__What to produce__: Write the listing out again word for word, skipping each picture.
== Data for this task ==
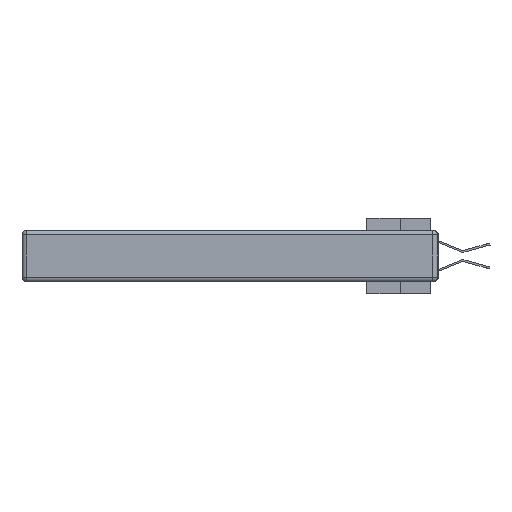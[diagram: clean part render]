
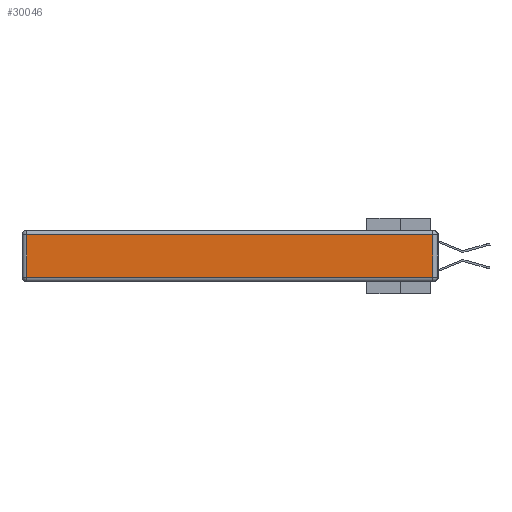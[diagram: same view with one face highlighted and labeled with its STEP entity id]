
A CAD part, left-side view. The second image highlights one B-rep face of the part: STEP entity #30046.
In plain terms, the highlighted planar face has unit normal (-1, 0, 0).
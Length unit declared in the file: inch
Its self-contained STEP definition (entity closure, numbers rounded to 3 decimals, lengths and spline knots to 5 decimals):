
#106 = CARTESIAN_POINT ( 'NONE',  ( 0., 0.03, -0.343 ) ) ;
#1074 = EDGE_CURVE ( 'NONE', #7926, #8898, #7246, .T. ) ;
#2414 = CARTESIAN_POINT ( 'NONE',  ( 0., 0., -0.313 ) ) ;
#4183 = DIRECTION ( 'NONE',  ( 0., 0., -1. ) ) ;
#6241 = DIRECTION ( 'NONE',  ( -1., 0., 0. ) ) ;
#7246 = LINE ( 'NONE', #2414, #31364 ) ;
#7488 = DIRECTION ( 'NONE',  ( 0., 0., 1. ) ) ;
#7926 = VERTEX_POINT ( 'NONE', #13593 ) ;
#7927 = EDGE_CURVE ( 'NONE', #8898, #8826, #21067, .T. ) ;
#8358 = ORIENTED_EDGE ( 'NONE', *, *, #13838, .T. ) ;
#8644 = PLANE ( 'NONE',  #17224 ) ;
#8805 = CARTESIAN_POINT ( 'NONE',  ( 0., 0., -0.343 ) ) ;
#8826 = VERTEX_POINT ( 'NONE', #19515 ) ;
#8898 = VERTEX_POINT ( 'NONE', #17076 ) ;
#9060 = VECTOR ( 'NONE', #29753, 39.37008 ) ;
#9447 = LINE ( 'NONE', #19302, #9060 ) ;
#9784 = VECTOR ( 'NONE', #4183, 39.37008 ) ;
#12209 = DIRECTION ( 'NONE',  ( 0., -1., 0. ) ) ;
#13593 = CARTESIAN_POINT ( 'NONE',  ( 0., 2.72, -0.313 ) ) ;
#13838 = EDGE_CURVE ( 'NONE', #8826, #17841, #9447, .T. ) ;
#17076 = CARTESIAN_POINT ( 'NONE',  ( 0., 0.03, -0.313 ) ) ;
#17224 = AXIS2_PLACEMENT_3D ( 'NONE', #8805, #6241, #20413 ) ;
#17841 = VERTEX_POINT ( 'NONE', #20559 ) ;
#19302 = CARTESIAN_POINT ( 'NONE',  ( 0., 2.75, -0.03 ) ) ;
#19515 = CARTESIAN_POINT ( 'NONE',  ( 0., 0.03, -0.03 ) ) ;
#20413 = DIRECTION ( 'NONE',  ( 0., 0., 1. ) ) ;
#20559 = CARTESIAN_POINT ( 'NONE',  ( 0., 2.72, -0.03 ) ) ;
#20784 = CARTESIAN_POINT ( 'NONE',  ( 0., 2.72, -0.343 ) ) ;
#21067 = LINE ( 'NONE', #106, #25811 ) ;
#21540 = ORIENTED_EDGE ( 'NONE', *, *, #24778, .T. ) ;
#24215 = ORIENTED_EDGE ( 'NONE', *, *, #7927, .T. ) ;
#24778 = EDGE_CURVE ( 'NONE', #17841, #7926, #30931, .T. ) ;
#25811 = VECTOR ( 'NONE', #7488, 39.37008 ) ;
#26571 = ORIENTED_EDGE ( 'NONE', *, *, #1074, .T. ) ;
#27846 = FACE_OUTER_BOUND ( 'NONE', #30256, .T. ) ;
#29753 = DIRECTION ( 'NONE',  ( 0., 1., 0. ) ) ;
#30046 = ADVANCED_FACE ( 'NONE', ( #27846 ), #8644, .T. ) ;
#30256 = EDGE_LOOP ( 'NONE', ( #26571, #24215, #8358, #21540 ) ) ;
#30931 = LINE ( 'NONE', #20784, #9784 ) ;
#31364 = VECTOR ( 'NONE', #12209, 39.37008 ) ;
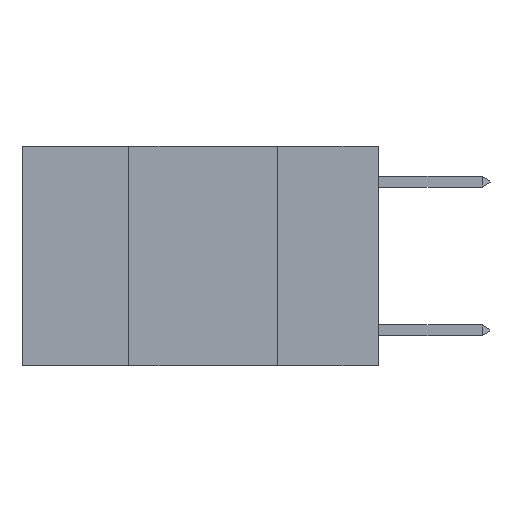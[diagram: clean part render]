
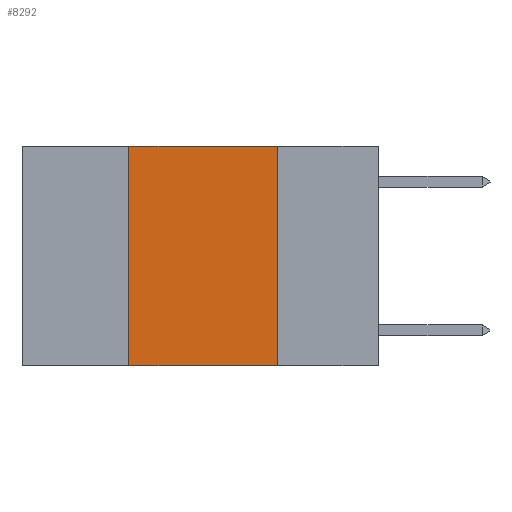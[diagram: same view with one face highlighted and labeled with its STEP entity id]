
A CAD part, left-side view. The second image highlights one B-rep face of the part: STEP entity #8292.
In plain terms, the highlighted planar face has unit normal (-1, 0, 0).
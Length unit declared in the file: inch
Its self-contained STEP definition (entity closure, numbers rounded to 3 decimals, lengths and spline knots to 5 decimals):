
#435 = EDGE_CURVE ( 'NONE', #3932, #5733, #8106, .T. ) ;
#584 = EDGE_CURVE ( 'NONE', #5733, #3947, #652, .T. ) ;
#652 = LINE ( 'NONE', #3270, #5719 ) ;
#682 = DIRECTION ( 'NONE',  ( 1., 0., 0. ) ) ;
#695 = DIRECTION ( 'NONE',  ( 0., 0., -1. ) ) ;
#800 = LINE ( 'NONE', #6064, #7036 ) ;
#2716 = DIRECTION ( 'NONE',  ( 0., -1., 0. ) ) ;
#2777 = CARTESIAN_POINT ( 'NONE',  ( 0., 0.42, 0. ) ) ;
#2827 = VECTOR ( 'NONE', #3585, 39.37008 ) ;
#2916 = ORIENTED_EDGE ( 'NONE', *, *, #3426, .T. ) ;
#3270 = CARTESIAN_POINT ( 'NONE',  ( 0., 0.17, 0. ) ) ;
#3426 = EDGE_CURVE ( 'NONE', #4374, #3947, #800, .T. ) ;
#3469 = VECTOR ( 'NONE', #7135, 39.37008 ) ;
#3585 = DIRECTION ( 'NONE',  ( 0., -1., 0. ) ) ;
#3812 = EDGE_CURVE ( 'NONE', #4374, #3932, #6549, .T. ) ;
#3858 = ORIENTED_EDGE ( 'NONE', *, *, #435, .F. ) ;
#3932 = VERTEX_POINT ( 'NONE', #2777 ) ;
#3947 = VERTEX_POINT ( 'NONE', #8089 ) ;
#4374 = VERTEX_POINT ( 'NONE', #7959 ) ;
#4512 = ORIENTED_EDGE ( 'NONE', *, *, #584, .F. ) ;
#4547 = DIRECTION ( 'NONE',  ( 0., 0., -1. ) ) ;
#4595 = PLANE ( 'NONE',  #7732 ) ;
#5477 = EDGE_LOOP ( 'NONE', ( #4512, #3858, #6850, #2916 ) ) ;
#5681 = CARTESIAN_POINT ( 'NONE',  ( 0., 0.6, 0. ) ) ;
#5719 = VECTOR ( 'NONE', #695, 39.37008 ) ;
#5733 = VERTEX_POINT ( 'NONE', #7420 ) ;
#5843 = CARTESIAN_POINT ( 'NONE',  ( 0., 0.6, 0. ) ) ;
#6064 = CARTESIAN_POINT ( 'NONE',  ( 0., 0.6, -0.37 ) ) ;
#6549 = LINE ( 'NONE', #7804, #3469 ) ;
#6850 = ORIENTED_EDGE ( 'NONE', *, *, #3812, .F. ) ;
#7036 = VECTOR ( 'NONE', #2716, 39.37008 ) ;
#7135 = DIRECTION ( 'NONE',  ( 0., 0., 1. ) ) ;
#7420 = CARTESIAN_POINT ( 'NONE',  ( 0., 0.17, 0. ) ) ;
#7732 = AXIS2_PLACEMENT_3D ( 'NONE', #5843, #682, #4547 ) ;
#7804 = CARTESIAN_POINT ( 'NONE',  ( 0., 0.42, 0. ) ) ;
#7948 = FACE_OUTER_BOUND ( 'NONE', #5477, .T. ) ;
#7959 = CARTESIAN_POINT ( 'NONE',  ( 0., 0.42, -0.37 ) ) ;
#8089 = CARTESIAN_POINT ( 'NONE',  ( 0., 0.17, -0.37 ) ) ;
#8106 = LINE ( 'NONE', #5681, #2827 ) ;
#8292 = ADVANCED_FACE ( 'NONE', ( #7948 ), #4595, .F. ) ;
===
__Response to the exercise__:
[diagram: clean part render]
[diagram: same view with one face highlighted and labeled with its STEP entity id]
A CAD part, left-side view. The second image highlights one B-rep face of the part: STEP entity #30046.
In plain terms, the highlighted planar face has unit normal (-1, 0, 0).
Length unit declared in the file: inch
Its self-contained STEP definition (entity closure, numbers rounded to 3 decimals, lengths and spline knots to 5 decimals):
#106 = CARTESIAN_POINT ( 'NONE',  ( 0., 0.03, -0.343 ) ) ;
#1074 = EDGE_CURVE ( 'NONE', #7926, #8898, #7246, .T. ) ;
#2414 = CARTESIAN_POINT ( 'NONE',  ( 0., 0., -0.313 ) ) ;
#4183 = DIRECTION ( 'NONE',  ( 0., 0., -1. ) ) ;
#6241 = DIRECTION ( 'NONE',  ( -1., 0., 0. ) ) ;
#7246 = LINE ( 'NONE', #2414, #31364 ) ;
#7488 = DIRECTION ( 'NONE',  ( 0., 0., 1. ) ) ;
#7926 = VERTEX_POINT ( 'NONE', #13593 ) ;
#7927 = EDGE_CURVE ( 'NONE', #8898, #8826, #21067, .T. ) ;
#8358 = ORIENTED_EDGE ( 'NONE', *, *, #13838, .T. ) ;
#8644 = PLANE ( 'NONE',  #17224 ) ;
#8805 = CARTESIAN_POINT ( 'NONE',  ( 0., 0., -0.343 ) ) ;
#8826 = VERTEX_POINT ( 'NONE', #19515 ) ;
#8898 = VERTEX_POINT ( 'NONE', #17076 ) ;
#9060 = VECTOR ( 'NONE', #29753, 39.37008 ) ;
#9447 = LINE ( 'NONE', #19302, #9060 ) ;
#9784 = VECTOR ( 'NONE', #4183, 39.37008 ) ;
#12209 = DIRECTION ( 'NONE',  ( 0., -1., 0. ) ) ;
#13593 = CARTESIAN_POINT ( 'NONE',  ( 0., 2.72, -0.313 ) ) ;
#13838 = EDGE_CURVE ( 'NONE', #8826, #17841, #9447, .T. ) ;
#17076 = CARTESIAN_POINT ( 'NONE',  ( 0., 0.03, -0.313 ) ) ;
#17224 = AXIS2_PLACEMENT_3D ( 'NONE', #8805, #6241, #20413 ) ;
#17841 = VERTEX_POINT ( 'NONE', #20559 ) ;
#19302 = CARTESIAN_POINT ( 'NONE',  ( 0., 2.75, -0.03 ) ) ;
#19515 = CARTESIAN_POINT ( 'NONE',  ( 0., 0.03, -0.03 ) ) ;
#20413 = DIRECTION ( 'NONE',  ( 0., 0., 1. ) ) ;
#20559 = CARTESIAN_POINT ( 'NONE',  ( 0., 2.72, -0.03 ) ) ;
#20784 = CARTESIAN_POINT ( 'NONE',  ( 0., 2.72, -0.343 ) ) ;
#21067 = LINE ( 'NONE', #106, #25811 ) ;
#21540 = ORIENTED_EDGE ( 'NONE', *, *, #24778, .T. ) ;
#24215 = ORIENTED_EDGE ( 'NONE', *, *, #7927, .T. ) ;
#24778 = EDGE_CURVE ( 'NONE', #17841, #7926, #30931, .T. ) ;
#25811 = VECTOR ( 'NONE', #7488, 39.37008 ) ;
#26571 = ORIENTED_EDGE ( 'NONE', *, *, #1074, .T. ) ;
#27846 = FACE_OUTER_BOUND ( 'NONE', #30256, .T. ) ;
#29753 = DIRECTION ( 'NONE',  ( 0., 1., 0. ) ) ;
#30046 = ADVANCED_FACE ( 'NONE', ( #27846 ), #8644, .T. ) ;
#30256 = EDGE_LOOP ( 'NONE', ( #26571, #24215, #8358, #21540 ) ) ;
#30931 = LINE ( 'NONE', #20784, #9784 ) ;
#31364 = VECTOR ( 'NONE', #12209, 39.37008 ) ;
[diagram: clean part render]
[diagram: same view with one face highlighted and labeled with its STEP entity id]
A CAD part, left-side view. The second image highlights one B-rep face of the part: STEP entity #8292.
In plain terms, the highlighted planar face has unit normal (-1, 0, 0).
Length unit declared in the file: inch
Its self-contained STEP definition (entity closure, numbers rounded to 3 decimals, lengths and spline knots to 5 decimals):
#435 = EDGE_CURVE ( 'NONE', #3932, #5733, #8106, .T. ) ;
#584 = EDGE_CURVE ( 'NONE', #5733, #3947, #652, .T. ) ;
#652 = LINE ( 'NONE', #3270, #5719 ) ;
#682 = DIRECTION ( 'NONE',  ( 1., 0., 0. ) ) ;
#695 = DIRECTION ( 'NONE',  ( 0., 0., -1. ) ) ;
#800 = LINE ( 'NONE', #6064, #7036 ) ;
#2716 = DIRECTION ( 'NONE',  ( 0., -1., 0. ) ) ;
#2777 = CARTESIAN_POINT ( 'NONE',  ( 0., 0.42, 0. ) ) ;
#2827 = VECTOR ( 'NONE', #3585, 39.37008 ) ;
#2916 = ORIENTED_EDGE ( 'NONE', *, *, #3426, .T. ) ;
#3270 = CARTESIAN_POINT ( 'NONE',  ( 0., 0.17, 0. ) ) ;
#3426 = EDGE_CURVE ( 'NONE', #4374, #3947, #800, .T. ) ;
#3469 = VECTOR ( 'NONE', #7135, 39.37008 ) ;
#3585 = DIRECTION ( 'NONE',  ( 0., -1., 0. ) ) ;
#3812 = EDGE_CURVE ( 'NONE', #4374, #3932, #6549, .T. ) ;
#3858 = ORIENTED_EDGE ( 'NONE', *, *, #435, .F. ) ;
#3932 = VERTEX_POINT ( 'NONE', #2777 ) ;
#3947 = VERTEX_POINT ( 'NONE', #8089 ) ;
#4374 = VERTEX_POINT ( 'NONE', #7959 ) ;
#4512 = ORIENTED_EDGE ( 'NONE', *, *, #584, .F. ) ;
#4547 = DIRECTION ( 'NONE',  ( 0., 0., -1. ) ) ;
#4595 = PLANE ( 'NONE',  #7732 ) ;
#5477 = EDGE_LOOP ( 'NONE', ( #4512, #3858, #6850, #2916 ) ) ;
#5681 = CARTESIAN_POINT ( 'NONE',  ( 0., 0.6, 0. ) ) ;
#5719 = VECTOR ( 'NONE', #695, 39.37008 ) ;
#5733 = VERTEX_POINT ( 'NONE', #7420 ) ;
#5843 = CARTESIAN_POINT ( 'NONE',  ( 0., 0.6, 0. ) ) ;
#6064 = CARTESIAN_POINT ( 'NONE',  ( 0., 0.6, -0.37 ) ) ;
#6549 = LINE ( 'NONE', #7804, #3469 ) ;
#6850 = ORIENTED_EDGE ( 'NONE', *, *, #3812, .F. ) ;
#7036 = VECTOR ( 'NONE', #2716, 39.37008 ) ;
#7135 = DIRECTION ( 'NONE',  ( 0., 0., 1. ) ) ;
#7420 = CARTESIAN_POINT ( 'NONE',  ( 0., 0.17, 0. ) ) ;
#7732 = AXIS2_PLACEMENT_3D ( 'NONE', #5843, #682, #4547 ) ;
#7804 = CARTESIAN_POINT ( 'NONE',  ( 0., 0.42, 0. ) ) ;
#7948 = FACE_OUTER_BOUND ( 'NONE', #5477, .T. ) ;
#7959 = CARTESIAN_POINT ( 'NONE',  ( 0., 0.42, -0.37 ) ) ;
#8089 = CARTESIAN_POINT ( 'NONE',  ( 0., 0.17, -0.37 ) ) ;
#8106 = LINE ( 'NONE', #5681, #2827 ) ;
#8292 = ADVANCED_FACE ( 'NONE', ( #7948 ), #4595, .F. ) ;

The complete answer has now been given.